DATASET CONTENT:
··········

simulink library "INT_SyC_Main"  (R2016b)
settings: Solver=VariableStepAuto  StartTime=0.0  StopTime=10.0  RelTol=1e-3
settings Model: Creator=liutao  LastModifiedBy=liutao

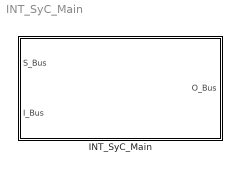
== system INT_SyC_Main ==
  INT_SyC_Main : Subsystem

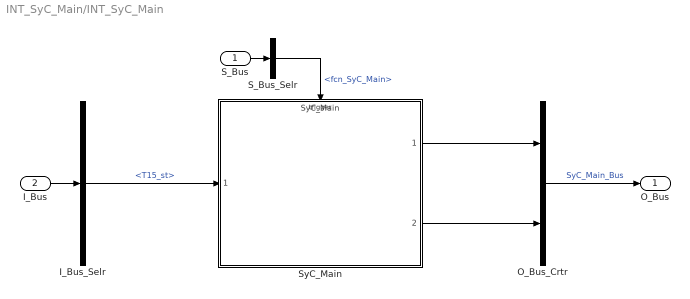
== system INT_SyC_Main/INT_SyC_Main ==
  S_Bus : Inport
  I_Bus : Inport  Port=2
  I_Bus_Selr : BusSelector  OutputSignals=T15_st
  O_Bus_Crtr : BusCreator  Inputs=2
  S_Bus_Selr : BusSelector  OutputSignals=fcn_SyC_Main
  SyC_Main : ModelReference  ModelNameDialog=SyC_Main  SimulationMode=Normal  ModelReferenceVersion=1.10  TriggerPortName=function  TriggerPortTriggerType=function-call  TriggerPortStatesWhenEnabling=held
  O_Bus : Outport
  wires:
  S_Bus_Selr/1 -> SyC_Main/Trigger  "<fcn_SyC_Main>"
  S_Bus/1 -> S_Bus_Selr/1
  I_Bus/1 -> I_Bus_Selr/1
  I_Bus_Selr/1 -> SyC_Main/1  "<T15_st>"
  O_Bus_Crtr/1 -> O_Bus/1  "SyC_Main_Bus"
  SyC_Main/1 -> O_Bus_Crtr/1
  SyC_Main/2 -> O_Bus_Crtr/2
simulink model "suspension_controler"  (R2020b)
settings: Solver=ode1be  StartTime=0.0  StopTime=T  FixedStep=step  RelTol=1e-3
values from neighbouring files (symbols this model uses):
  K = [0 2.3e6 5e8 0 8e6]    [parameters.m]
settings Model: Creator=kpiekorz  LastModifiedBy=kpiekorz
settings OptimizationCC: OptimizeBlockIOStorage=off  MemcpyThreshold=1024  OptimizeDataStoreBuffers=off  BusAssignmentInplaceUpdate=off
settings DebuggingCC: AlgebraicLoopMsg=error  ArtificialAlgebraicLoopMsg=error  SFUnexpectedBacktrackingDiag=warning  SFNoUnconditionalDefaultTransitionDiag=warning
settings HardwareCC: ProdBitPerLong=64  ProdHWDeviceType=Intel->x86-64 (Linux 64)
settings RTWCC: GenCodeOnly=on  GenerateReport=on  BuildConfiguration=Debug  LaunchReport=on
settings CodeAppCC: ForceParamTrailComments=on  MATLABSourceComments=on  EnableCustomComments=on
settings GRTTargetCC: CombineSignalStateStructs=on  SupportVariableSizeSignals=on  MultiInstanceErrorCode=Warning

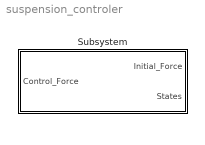
== system suspension_controler ==
  Subsystem : Subsystem

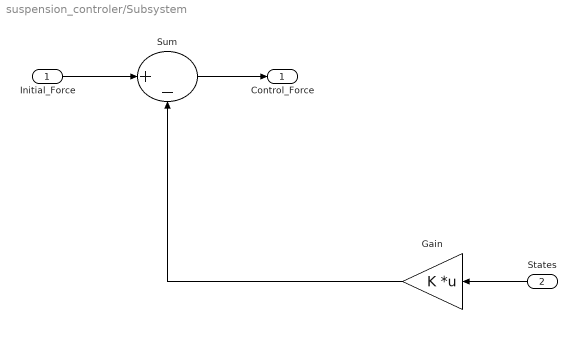
== system suspension_controler/Subsystem ==
  Initial_Force : Inport
  States : Inport  Port=2
  Gain : Gain  Gain=K  Multiplication=Matrix(K*u)
  Sum : Sum  Inputs=|+-
  Control_Force : Outport
  wires:
  Sum/1 -> Control_Force/1
  States/1 -> Gain/1
  Initial_Force/1 -> Sum/1
  Gain/1 -> Sum/2
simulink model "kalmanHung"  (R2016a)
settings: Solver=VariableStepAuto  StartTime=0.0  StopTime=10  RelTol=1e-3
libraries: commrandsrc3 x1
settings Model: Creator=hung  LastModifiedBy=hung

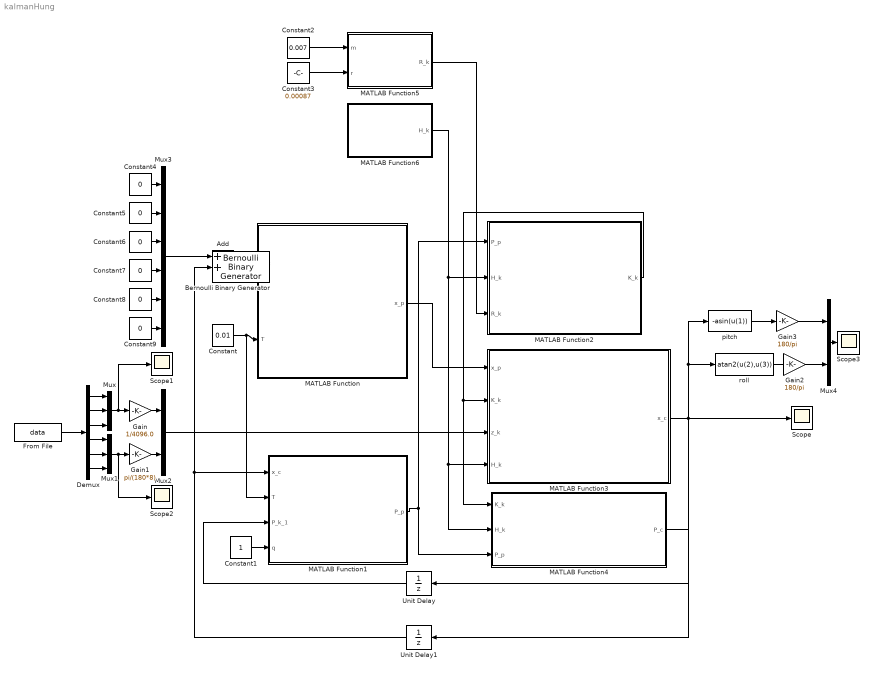
== system kalmanHung ==
  Add : Sum
  Constant : Constant  Value=0.01
  Constant1 : Constant
  Constant2 : Constant  Value=0.007
  Constant3 : Constant  Value=0.00087
  Constant{4..9} (6 alike) : Constant  Value=0
  Demux : Demux  Outputs=6
  From File : FromFile  FileName=data  SampleTime=0.01
  Gain : Gain  Gain=1/4096.0
  Gain1 : Gain  Gain=pi/(180*8)
  Gain2 : Gain  Gain=180/pi
  Gain3 : Gain  Gain=180/pi
  MATLAB Function : MATLAB Function  InitFcn=x_c=[0 0 0 0 0 0 ]'  TreatAsAtomicUnit=on
  MATLAB Function1 : MATLAB Function  TreatAsAtomicUnit=on
  MATLAB Function2 : MATLAB Function  TreatAsAtomicUnit=on
  MATLAB Function3 : MATLAB Function  TreatAsAtomicUnit=on
  MATLAB Function4 : MATLAB Function  TreatAsAtomicUnit=on
  MATLAB Function5 : MATLAB Function  TreatAsAtomicUnit=on
  MATLAB Function6 : MATLAB Function  TreatAsAtomicUnit=on
  Mux : Mux  Inputs=3
  Mux1 : Mux  Inputs=3
  Mux2 : Mux  Inputs=2
  Mux3 : Mux  Inputs=6
  Mux4 : Mux  Inputs=2
  Scope{,1..3} (4 alike) : Scope
  Unit Delay : UnitDelay  InitialCondition=eye(6,6)  SampleTime=-1
  Unit Delay1 : UnitDelay  InitialCondition=zeros(6,1)  SampleTime=-1
  pitch : Fcn  Expr=-asin(u(1))
  roll : Fcn  Expr=atan2(u(2),u(3))
  Bernoulli Binary Generator : commrandsrc3/Bernoulli Binary Generator  IOType=siggen  ProbabilityOfZero=0.5  SeedSource=Auto  Seed=0  SampleTime=1  SamplesPerFrame=1  OutputDataType=double  SimulateUsing=Interpreted execution
  wires:
  MATLAB Function/1(x_p) -> MATLAB Function3/1(x_p)
  MATLAB Function1/1(P_p) -> MATLAB Function4/3(P_p), MATLAB Function2/1(P_p)
  MATLAB Function2/1(K_k) -> MATLAB Function4/1(K_k), MATLAB Function3/2(K_k)
  MATLAB Function4/1(P_c) -> Unit Delay/1
  Constant1/1 -> MATLAB Function1/4(q)
  Constant/1 -> MATLAB Function1/2(T), MATLAB Function/2(T)
  MATLAB Function5/1(R_k) -> MATLAB Function2/3(R_k)
  MATLAB Function6/1(H_k) -> MATLAB Function3/4(H_k), MATLAB Function4/2(H_k), MATLAB Function2/2(H_k)
  Constant2/1 -> MATLAB Function5/1(m)
  Constant3/1 -> MATLAB Function5/2(r)
  From File/1 -> Demux/1
  Demux/1 -> Mux/1
  Demux/2 -> Mux/2
  Demux/3 -> Mux/3
  Demux/4 -> Mux1/1
  Demux/5 -> Mux1/2
  Demux/6 -> Mux1/3
  Mux/1 -> Scope1/1, Gain/1
  Mux1/1 -> Scope2/1, Gain1/1
  Gain/1 -> Mux2/1
  Gain1/1 -> Mux2/2
  Mux2/1 -> MATLAB Function3/3(z_k)
  Add/1 -> MATLAB Function/1(x_c)
  Mux3/1 -> Add/1
  Constant4/1 -> Mux3/1
  Constant5/1 -> Mux3/2
  Constant6/1 -> Mux3/3
  Constant7/1 -> Mux3/4
  Constant8/1 -> Mux3/5
  Constant9/1 -> Mux3/6
  Unit Delay/1 -> MATLAB Function1/3(P_k_1)
  Unit Delay1/1 -> Add/2, MATLAB Function1/1(x_c)
  MATLAB Function3/1(x_c) -> Scope/1, Unit Delay1/1, roll/1, pitch/1
  roll/1 -> Mux4/2
  pitch/1 -> Gain3/1
  Mux4/1 -> Scope3/1
  Gain3/1 -> Mux4/1

== matlab function kalmanHung/MATLAB Function1 ==
  data: x_c input; P_p output; T input; P_k_1 input; q input
function P_p=Predict_P(x_c,T,P_k_1,q)% x_p: x predicted, x_c: x_corrected
C3=[0,-x_c(3),x_c(2);x_c(3),0,-x_c(1);-x_c(2),x_c(1),0];
Ak=[eye(3,3),T*C3;zeros(3,3),eye(3,3)];
Qk=q*[T^3*C3*C3',T^2*C3;T^2*C3',T*eye(3,3)];
P_p=Ak*P_k_1*Ak'+Qk;
end

== matlab function kalmanHung/MATLAB Function ==
  data: x_c input; x_p output; T input
function x_p=Predict_x(x_c,T)% x_p: x predicted, x_c: x_corrected
C3=[0,-x_c(3),x_c(2);x_c(3),0,-x_c(1);-x_c(2),x_c(1),0];
Ak=[eye(3,3),T*C3;zeros(3,3),eye(3,3)];
x_p=Ak*x_c;
end

== matlab function kalmanHung/MATLAB Function2 ==
  data: P_p input; K_k output; H_k input; R_k input
function K_k=K_gain(P_p,H_k,R_k)
K_k=P_p*H_k'*(H_k*P_p*H_k'+R_k);
end

== matlab function kalmanHung/MATLAB Function3 ==
  data: x_p input; K_k input; z_k input; H_k input; x_c output
function x_c=Correct_x(x_p,K_k,z_k,H_k)
x_c=x_p+K_k*(z_k-H_k*x_p);
end

== matlab function kalmanHung/MATLAB Function4 ==
  data: K_k input; P_c output; H_k input; P_p input
function P_c= Correct_P(K_k,H_k,P_p)
P_c=(eye(6,6)-K_k*H_k)*P_p;
end

== matlab function kalmanHung/MATLAB Function5 ==
  data: m input; R_k output; r input
function R_k = Create_R(m,r)
%#codegen
R_k=[m*eye(3,3),zeros(3,3);zeros(3,3),r*eye(3,3)];

== matlab function kalmanHung/MATLAB Function6 ==
  data: H_k output
function H_k = Create_H()
%#codegen

H_k=eye(6,6);

··········

WHAT THIS TASK INVOLVES: For this exercise, please retype exactly the lines in the listing from the line with "Gain3/1 -> Mux4/1" through its last line, both ends included.

EXERCISE OUTPUT:
  Gain3/1 -> Mux4/1

== matlab function kalmanHung/MATLAB Function1 ==
  data: x_c input; P_p output; T input; P_k_1 input; q input
function P_p=Predict_P(x_c,T,P_k_1,q)% x_p: x predicted, x_c: x_corrected
C3=[0,-x_c(3),x_c(2);x_c(3),0,-x_c(1);-x_c(2),x_c(1),0];
Ak=[eye(3,3),T*C3;zeros(3,3),eye(3,3)];
Qk=q*[T^3*C3*C3',T^2*C3;T^2*C3',T*eye(3,3)];
P_p=Ak*P_k_1*Ak'+Qk;
end

== matlab function kalmanHung/MATLAB Function ==
  data: x_c input; x_p output; T input
function x_p=Predict_x(x_c,T)% x_p: x predicted, x_c: x_corrected
C3=[0,-x_c(3),x_c(2);x_c(3),0,-x_c(1);-x_c(2),x_c(1),0];
Ak=[eye(3,3),T*C3;zeros(3,3),eye(3,3)];
x_p=Ak*x_c;
end

== matlab function kalmanHung/MATLAB Function2 ==
  data: P_p input; K_k output; H_k input; R_k input
function K_k=K_gain(P_p,H_k,R_k)
K_k=P_p*H_k'*(H_k*P_p*H_k'+R_k);
end

== matlab function kalmanHung/MATLAB Function3 ==
  data: x_p input; K_k input; z_k input; H_k input; x_c output
function x_c=Correct_x(x_p,K_k,z_k,H_k)
x_c=x_p+K_k*(z_k-H_k*x_p);
end

== matlab function kalmanHung/MATLAB Function4 ==
  data: K_k input; P_c output; H_k input; P_p input
function P_c= Correct_P(K_k,H_k,P_p)
P_c=(eye(6,6)-K_k*H_k)*P_p;
end

== matlab function kalmanHung/MATLAB Function5 ==
  data: m input; R_k output; r input
function R_k = Create_R(m,r)
%#codegen
R_k=[m*eye(3,3),zeros(3,3);zeros(3,3),r*eye(3,3)];

== matlab function kalmanHung/MATLAB Function6 ==
  data: H_k output
function H_k = Create_H()
%#codegen

H_k=eye(6,6);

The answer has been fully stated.